Anyway, the short answer is that things are bloated and it does not seem to really be overly aggressive caching. I think the real issue is that there are just a huge number of procedures defined.

The source for all the tcl libraries is ~3mb and I think when they get bytecode compiled you end up keeping src and bytecode around so that is a big piece of the pie. Also, I am not sure how much compiled templates end up taking, although they are done on demand so an empty idle server should not have very many loaded.

I suppose we could look at making query cached on demand, put in a size limited ns_cache, or not cached at all.
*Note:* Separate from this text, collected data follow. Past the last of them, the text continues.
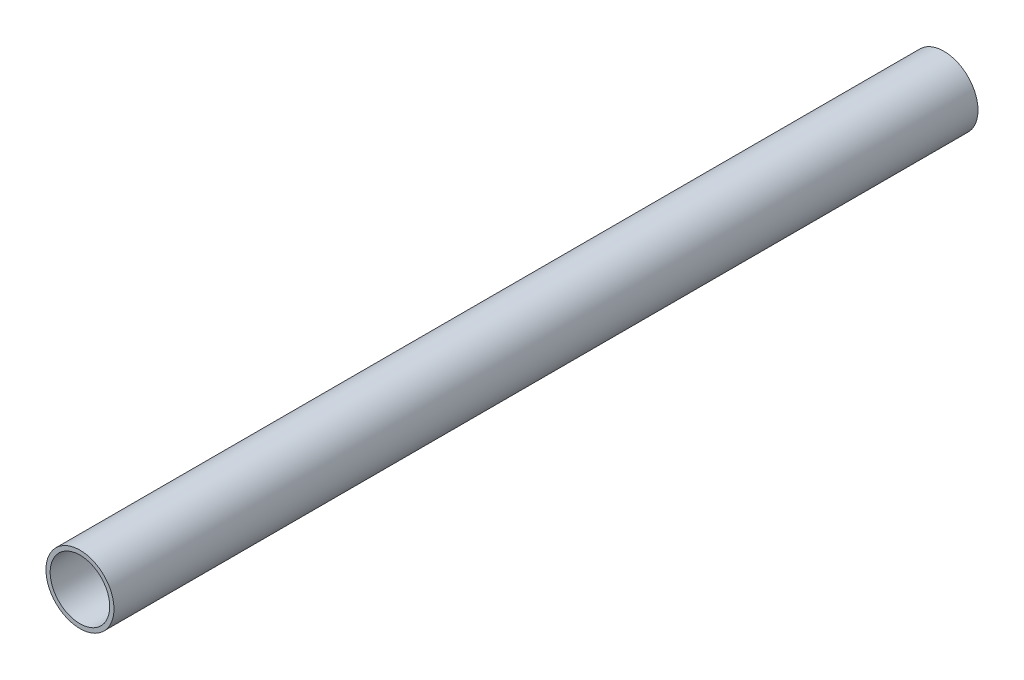
SolidWorks part; units mm, degrees
ref_plane "Front Plane" through (0, 0, 0) normal (0, 0, 1) x (1, 0, 0)
ref_plane "Top Plane" through (0, 0, 0) normal (0, 1, 0) x (1, 0, 0)
ref_plane "Right Plane" through (0, 0, 0) normal (1, 0, 0) x (0, 0, -1)
sketch "Sketch1" plane through (0, 0, 0) normal (0, 0, 1) x (1, 0, 0)
  circle A0 centre (0, 0) radius 7
  circle A1 centre (0, 0) radius 8
  dimension "D2" = 16
  dimension "D1" = 1
extrude "Boss-Extrude1" add sketch "Sketch1" along normal mid plane 203.2
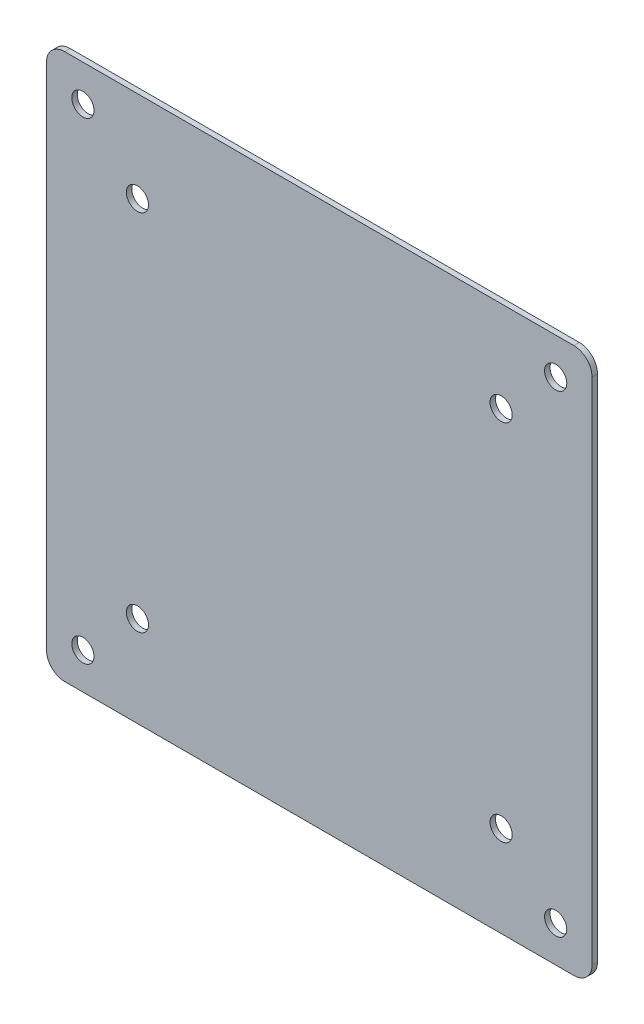
SolidWorks part; units mm, degrees
ref_plane "Front Plane" through (0, 0, 0) normal (0, 0, 1) x (1, 0, 0)
ref_plane "Top Plane" through (0, 0, 0) normal (0, 1, 0) x (1, 0, 0)
ref_plane "Right Plane" through (0, 0, 0) normal (1, 0, 0) x (0, 0, -1)
sketch "Sketch1" plane through (0, 0, 0) normal (0, 0, 1) x (1, 0, 0)
  line L1 (-150, 150) -> (150, 150)
  line L2 (-150, 150) -> (-150, -150)
  line L3 (-150, -150) -> (150, -150)
  line L4 (150, 150) -> (150, -150)
  line L5 (-150, 150) -> (150, -150) construction
  line L6 (-150, -150) -> (150, 150) construction
  point P0 (0, 0)
  dimension "D1" = 300
  dimension "D2" = 300
extrude "Boss-Extrude1" add sketch "Sketch1" along normal blind 3
sketch "Sketch3" plane through (0, 0, 3) normal (0, 0, 1) x (1, 0, 0)
  line L0 (-150, -150) -> (150, 150)
  line L1 (-150, 150) -> (150, -150)
hole_wizard "Ø12.2 (12.2) Diameter Hole1" positions "Sketch4" profile "Sketch5" hole size "Ø12.2" standard "ISO"
sketch "Sketch4" plane through (0, 0, 3) normal (0, 0, 1) x (1, 0, 0)
  line L0 (-150, -150) -> (150, 150) construction
  line L1 (-150, 150) -> (150, -150) construction
  point P0 (-130, -130)
  point P5 (-100, -100)
  point P7 (130, -130)
  point P11 (100, -100)
  point P15 (130, 130)
  point P17 (-100, 100)
  point P19 (-130, 130)
  point P21 (100, 100)
  dimension "D1" = 130
  dimension "D2" = 100
  dimension "D3" = 130
  dimension "D4" = 100
  dimension "D5" = 100
  dimension "D6" = 130
  dimension "D7" = 100
  dimension "D8" = 130
sketch "Sketch5" plane through (-130, -130, 3) normal (1, 0, 0) x (0, -1, 0)
  line L0 (0, 0) -> (0, 26.6652)
  line L1 (0, 26.6652) -> (6.1, 23)
  line L2 (6.1, 23) -> (6.1, 0)
  line L5 (6.1, 0) -> (0, 0)
  line L10 (0, 26.6652) -> (-6.1, 23) construction
  line L11 (0, -6.35) -> (0, 107.95) construction
  dimension "Hole Dia." = 12.2
  dimension "Hole Depth" = 23
  dimension "Drill Angle" = 118
fillet "Fillet1" radius 10 4 edges at (150, 150, 1.5) (150, -150, 1.5) (-150, 150, 1.5) (-150, -150, 1.5)

Also we could ad a parameter to disable proc doc stuff by default and that might help but again, it oes not seem like either of these would make a huge difference.

Collapse
Posted by Talli Somekh on
Lars, it sounds like what you may be asking for is John Sequeira's portable.nsd.

The advantages of portable.nsd is not just that it will allow for the use of other webservers but that it will allow for very small installations of oacs and development from tclsh.

Perhaps even better for many, portable.nsd will allow for clean and complete use of TclPro (http://activestate.com/Products/Tcl_Dev_Kit/?_x=1). In fact, John's been developing portable.nsd using TclPro and has been raving about it.

So I think this might answer your problem, plus solve a lot of other things.

talli

Collapse
Posted by Don Baccus on
John's standalone thing will need to implement nsv vars so nsv caching will be there in his version, too.
Collapse
Posted by John Sequeira on
Talli,

Thanks for the plug, but I expect the initial implementations of portable.nsd will be more memory-hungry than a straight AOLServer implementation. With OpenACS/FastCGI, we'll be running multiple single-threaded interpreter processes instead of one multithreaded process, each initially chewing up memory for caching. OpenACS/tclHTTPD has the potential to be multithreaded, but I'm not sure what it'll take to get all the dependency libraries to cooperate. Michael C is right now working on how to do multi-process nsv's with sockets, but based on recent progress I think I'll beat him to a deliverable 😊.

Right now I've reimplemented nsv's as globals,  which probably took 15 lines of code. I was thinking that for development it might be good to have an implementation that writes to the database (like ASP.NET's caching) so you can keep an eye on the values.  For production sites,  this approach might make sense for low memory sites or web farms.  For now, TclPro's variable inspection makes the debugging usefulness of db logging a bit moot. It really easy to look at any variable at any stack level,  so no rush there.

There is one slight memory optimization I'm working on right now: replacing the query dispatcher with a source code preprocessor. Instead of parsing/caching xql files, I'm parsing the source code and writing the correct query into the tcl files. I needed to do this to make nstcl happy (which has no qd), but it has some other benefits wrt interpreter launch time, a good thing when using FastCGI.